In the 1970s, Wu was invited by then Governor Sir Murray MacLehose to lunch to discuss cultural scene, only for Wu to discover later that he was being auditioned by the Colonial Secretary on suitability for membership of Legislative Council. He became an unofficial member of the Legislative Council in 1975, in which he served until 1988. He was also a member of the Universities and Polytechnic Grants Committee, deputy chairman of the Vocational Training Council. For his contributions, Wu was made Commander of the Most Excellent Order of the British Empire (CBE) in 1983 and received a Doctor of Laws honorary degree by the University of Hong Kong in 1992.

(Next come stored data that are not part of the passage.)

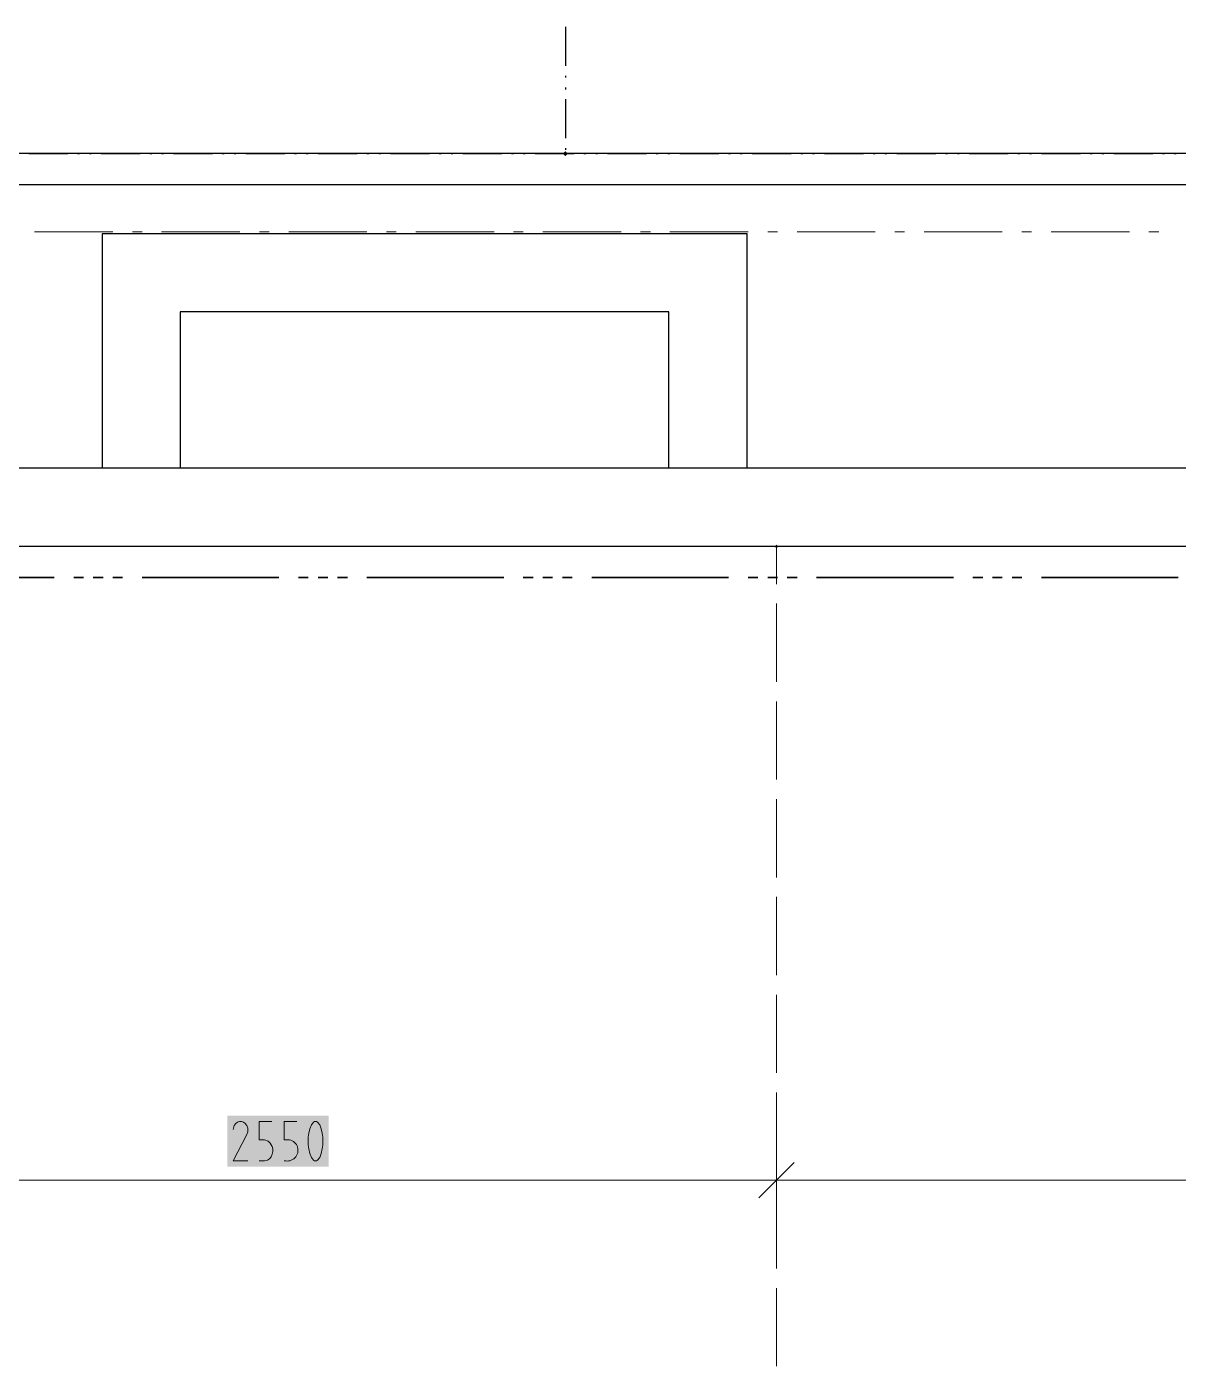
# Model space of a CAD drawing. Header units: millimetres. Extents: x 0 to 594, y 0 to 420.
# Drawn here: x 340.8 to 364.73, y 276.05 to 303.88 of the extents above; entities that cross this region are included whole.
import ezdxf

# ---------------------------------------------------------------- set-up
doc = ezdxf.new("R2010")
doc.units = ezdxf.units.MM
doc.header["$LTSCALE"] = 8
for name, color, linetype in [('PDF_CTU', 7, 'Continuous'), ('PDF_Dokresleni nad rovinou rezu', 7, 'Continuous'), ('PDF_Dopravni znaceni', 7, 'Continuous'), ('PDF_Koty delkove', 7, 'Continuous'), ('PDF_Obecne 0.25', 7, 'Continuous'), ('PDF_Osy hlavni', 7, 'Continuous'), ('PDF_Pozarni useky', 3, 'Continuous')]:
    doc.layers.add(name, color=color, linetype=linetype)

msp = doc.modelspace()

# ---------------------------------------------------------------- linework, layer by layer
at = {"layer": 'PDF_CTU', "lineweight": 25}
for points in [[(384.455, 301.251), (77.44, 301.251)], [(384.455, 300.601), (77.44, 300.601)]]:
    msp.add_lwpolyline(points, dxfattribs=at)
at = {"layer": 'PDF_Dokresleni nad rovinou rezu', "lineweight": 25}
for points in [[(351.99, 303.884), (351.99, 303.071)], [(351.99, 302.868), (351.99, 302.827)], [(351.99, 302.624), (351.99, 302.584)], [(351.99, 302.381), (351.99, 301.568)], [(340.836, 301.251), (341.649, 301.251)], [(341.852, 301.251), (341.893, 301.251)], [(342.096, 301.251), (342.137, 301.251)], [(342.34, 301.251), (343.152, 301.251)], [(343.356, 301.251), (343.396, 301.251)], [(343.599, 301.251), (343.64, 301.251)], [(343.843, 301.251), (344.656, 301.251)], [(344.859, 301.251), (344.9, 301.251)], [(345.103, 301.251), (345.143, 301.251)], [(345.347, 301.251), (346.159, 301.251)], [(346.362, 301.251), (346.403, 301.251)], [(346.606, 301.251), (346.647, 301.251)], [(346.85, 301.251), (347.663, 301.251)], [(347.866, 301.251), (347.906, 301.251)], [(348.11, 301.251), (348.15, 301.251)], [(348.353, 301.251), (349.166, 301.251)], [(349.369, 301.251), (349.41, 301.251)], [(349.613, 301.251), (349.654, 301.251)], [(349.857, 301.251), (350.669, 301.251)], [(350.872, 301.251), (350.913, 301.251)], [(351.116, 301.251), (351.157, 301.251)], [(351.36, 301.251), (352.173, 301.251)], [(351.99, 301.365), (351.99, 301.324)], [(352.376, 301.251), (352.416, 301.251)], [(352.62, 301.251), (352.66, 301.251)], [(352.863, 301.251), (353.676, 301.251)], [(353.879, 301.251), (353.92, 301.251)], [(354.123, 301.251), (354.164, 301.251)], [(354.367, 301.251), (355.179, 301.251)], [(355.383, 301.251), (355.423, 301.251)], [(355.626, 301.251), (355.667, 301.251)], [(355.87, 301.251), (356.683, 301.251)], [(356.886, 301.251), (356.927, 301.251)], [(357.13, 301.251), (357.17, 301.251)], [(357.374, 301.251), (358.186, 301.251)], [(358.389, 301.251), (358.43, 301.251)], [(358.633, 301.251), (358.674, 301.251)], [(358.877, 301.251), (359.69, 301.251)], [(359.893, 301.251), (359.933, 301.251)], [(360.137, 301.251), (360.177, 301.251)], [(360.38, 301.251), (361.193, 301.251)], [(361.396, 301.251), (361.437, 301.251)], [(361.64, 301.251), (361.681, 301.251)], [(361.884, 301.251), (362.696, 301.251)], [(362.9, 301.251), (362.94, 301.251)], [(363.143, 301.251), (363.184, 301.251)], [(363.387, 301.251), (364.2, 301.251)], [(364.403, 301.251), (364.444, 301.251)], [(364.647, 301.251), (364.687, 301.251)]]:
    msp.add_lwpolyline(points, dxfattribs=at)
at = {"layer": 'PDF_Dokresleni nad rovinou rezu', "lineweight": 25, "transparency": 33554559}
msp.add_solid([(351.99, 301.3), (352.041, 301.249), (351.939, 301.249), (351.99, 301.198)], dxfattribs=at)
at = {"layer": 'PDF_Dopravni znaceni', "lineweight": 18}
for points in [[(356.378, 293.084), (356.378, 292.304)], [(356.378, 291.897), (356.378, 290.272)], [(356.378, 289.866), (356.378, 288.241)], [(356.378, 287.834), (356.378, 286.209)], [(356.378, 285.803), (356.378, 284.177)], [(356.378, 283.771), (356.378, 282.146)], [(356.378, 281.74), (356.378, 280.114)], [(356.378, 279.708), (356.378, 278.083)], [(356.378, 277.676), (356.378, 276.051)]]:
    msp.add_lwpolyline(points, dxfattribs=at)
at = {"layer": 'PDF_Dopravni znaceni', "lineweight": 18, "transparency": 33554559}
msp.add_solid([(356.378, 293.12), (356.415, 293.084), (356.342, 293.084), (356.378, 293.047)], dxfattribs=at)
at = {"layer": 'PDF_Koty delkove', "lineweight": 18}
for points in [[(345.389, 280.322), (345.085, 280.322), (345.368, 280.864), (345.389, 280.918), (345.389, 280.999), (345.368, 281.053), (345.335, 281.094), (345.303, 281.121), (345.259, 281.134), (345.216, 281.134), (345.173, 281.121), (345.14, 281.094), (345.108, 281.053), (345.085, 280.973)], [(345.888, 281.134), (345.628, 281.134), (345.628, 280.756), (345.736, 280.756), (345.812, 280.728), (345.855, 280.687), (345.898, 280.62), (345.909, 280.566), (345.909, 280.512), (345.898, 280.457), (345.877, 280.404), (345.844, 280.363), (345.801, 280.336), (345.736, 280.322), (345.628, 280.322)], [(356.013, 279.55), (356.744, 280.281)], [(356.378, 279.306), (356.378, 279.915), (356.378, 280.525)], [(258.862, 279.915), (284.46, 279.915), (310.058, 279.915), (335.656, 279.915), (356.378, 279.915), (375.882, 279.915), (385.105, 279.915), (385.715, 279.915)]]:
    msp.add_lwpolyline(points, dxfattribs=at)
msp.add_lwpolyline([(346.408, 281.134), (346.148, 281.134), (346.148, 280.756), (346.256, 280.756, -1.032743), (346.148, 280.322)], format="xyb", dxfattribs=at)
msp.add_lwpolyline([(346.949, 280.648), (346.949, 280.81), (346.938, 280.891), (346.917, 280.986), (346.884, 281.067), (346.841, 281.121), (346.819, 281.134), (346.776, 281.134), (346.754, 281.121), (346.711, 281.067), (346.679, 280.986), (346.657, 280.891), (346.646, 280.81), (346.646, 280.648), (346.657, 280.566), (346.679, 280.471), (346.711, 280.39), (346.754, 280.336), (346.776, 280.322), (346.819, 280.322), (346.841, 280.336), (346.884, 280.39), (346.917, 280.471), (346.938, 280.566)], close=True, dxfattribs=at)
at = {"layer": 'PDF_Koty delkove', "color": 7, "lineweight": 18, "true_color": 0xffffff, "transparency": 33554559}
msp.add_solid([(344.964, 280.2), (347.071, 280.2), (344.964, 281.256), (347.071, 281.256)], dxfattribs=at)
at = {"layer": 'PDF_Obecne 0.25', "lineweight": 25}
for points in [[(355.769, 294.709), (355.769, 299.585), (342.36, 299.585), (342.36, 294.709)], [(354.144, 294.709), (354.144, 297.96), (343.986, 297.96), (343.986, 294.709)], [(369.381, 294.709), (336.875, 294.709)], [(369.381, 293.084), (336.875, 293.084)]]:
    msp.add_lwpolyline(points, dxfattribs=at)
at = {"layer": 'PDF_Osy hlavni', "lineweight": 18}
for points in [[(340.958, 299.626), (342.584, 299.626)], [(342.99, 299.626), (343.193, 299.626)], [(343.599, 299.626), (345.225, 299.626)], [(345.631, 299.626), (345.834, 299.626)], [(346.24, 299.626), (347.866, 299.626)], [(348.272, 299.626), (348.475, 299.626)], [(348.881, 299.626), (350.507, 299.626)], [(350.913, 299.626), (351.116, 299.626)], [(351.523, 299.626), (353.148, 299.626)], [(353.554, 299.626), (353.757, 299.626)], [(354.164, 299.626), (355.789, 299.626)], [(356.195, 299.626), (356.398, 299.626)], [(356.805, 299.626), (358.43, 299.626)], [(358.836, 299.626), (359.039, 299.626)], [(359.446, 299.626), (361.071, 299.626)], [(361.477, 299.626), (361.681, 299.626)], [(362.087, 299.626), (363.712, 299.626)], [(364.118, 299.626), (364.322, 299.626)]]:
    msp.add_lwpolyline(points, dxfattribs=at)
at = {"layer": 'PDF_Pozarni useky', "lineweight": 35}
for points in [[(338.52, 292.442), (341.365, 292.442)], [(341.771, 292.442), (341.974, 292.442)], [(342.177, 292.442), (342.38, 292.442)], [(342.584, 292.442), (342.787, 292.442)], [(343.193, 292.442), (346.037, 292.442)], [(346.444, 292.442), (346.647, 292.442)], [(346.85, 292.442), (347.053, 292.442)], [(347.256, 292.442), (347.459, 292.442)], [(347.866, 292.442), (350.71, 292.442)], [(351.116, 292.442), (351.319, 292.442)], [(351.523, 292.442), (351.726, 292.442)], [(351.929, 292.442), (352.132, 292.442)], [(352.538, 292.442), (355.383, 292.442)], [(355.789, 292.442), (355.992, 292.442)], [(356.195, 292.442), (356.398, 292.442)], [(356.602, 292.442), (356.805, 292.442)], [(357.211, 292.442), (360.055, 292.442)], [(360.462, 292.442), (360.665, 292.442)], [(360.868, 292.442), (361.071, 292.442)], [(361.274, 292.442), (361.477, 292.442)], [(361.884, 292.442), (364.728, 292.442)]]:
    msp.add_lwpolyline(points, dxfattribs=at)

doc.saveas('drawing.dxf')

He was praised by the then Governor Sir Edward Youde for his promotion of the arts and the Chinese Languages to Hong Kong, for his efforts in establishing the Hong Kong Academy for the Performing Arts. He was also the chairman of the Hong Kong Philharmonic Society from 1973 to 76. In 1983, he was the chairman of the working party on the development of a Chinese language foundation, in which he made recommendations of raising the standard of Chinese language amounts in school, including funding provisions; policies on the publication of Chinese textbooks and the wider use of Putonghua in public meetings.

In April 1995, he was appointed by the Beijing government a Hong Kong Affairs Advisers and in November a member of the Selection Committee for the First Government of the Hong Kong Special Administrative Region, which was responsible to elect the first Chief Executive, Tung Chee-hwa.

Wu died on 9 January 2005 at the age of 84.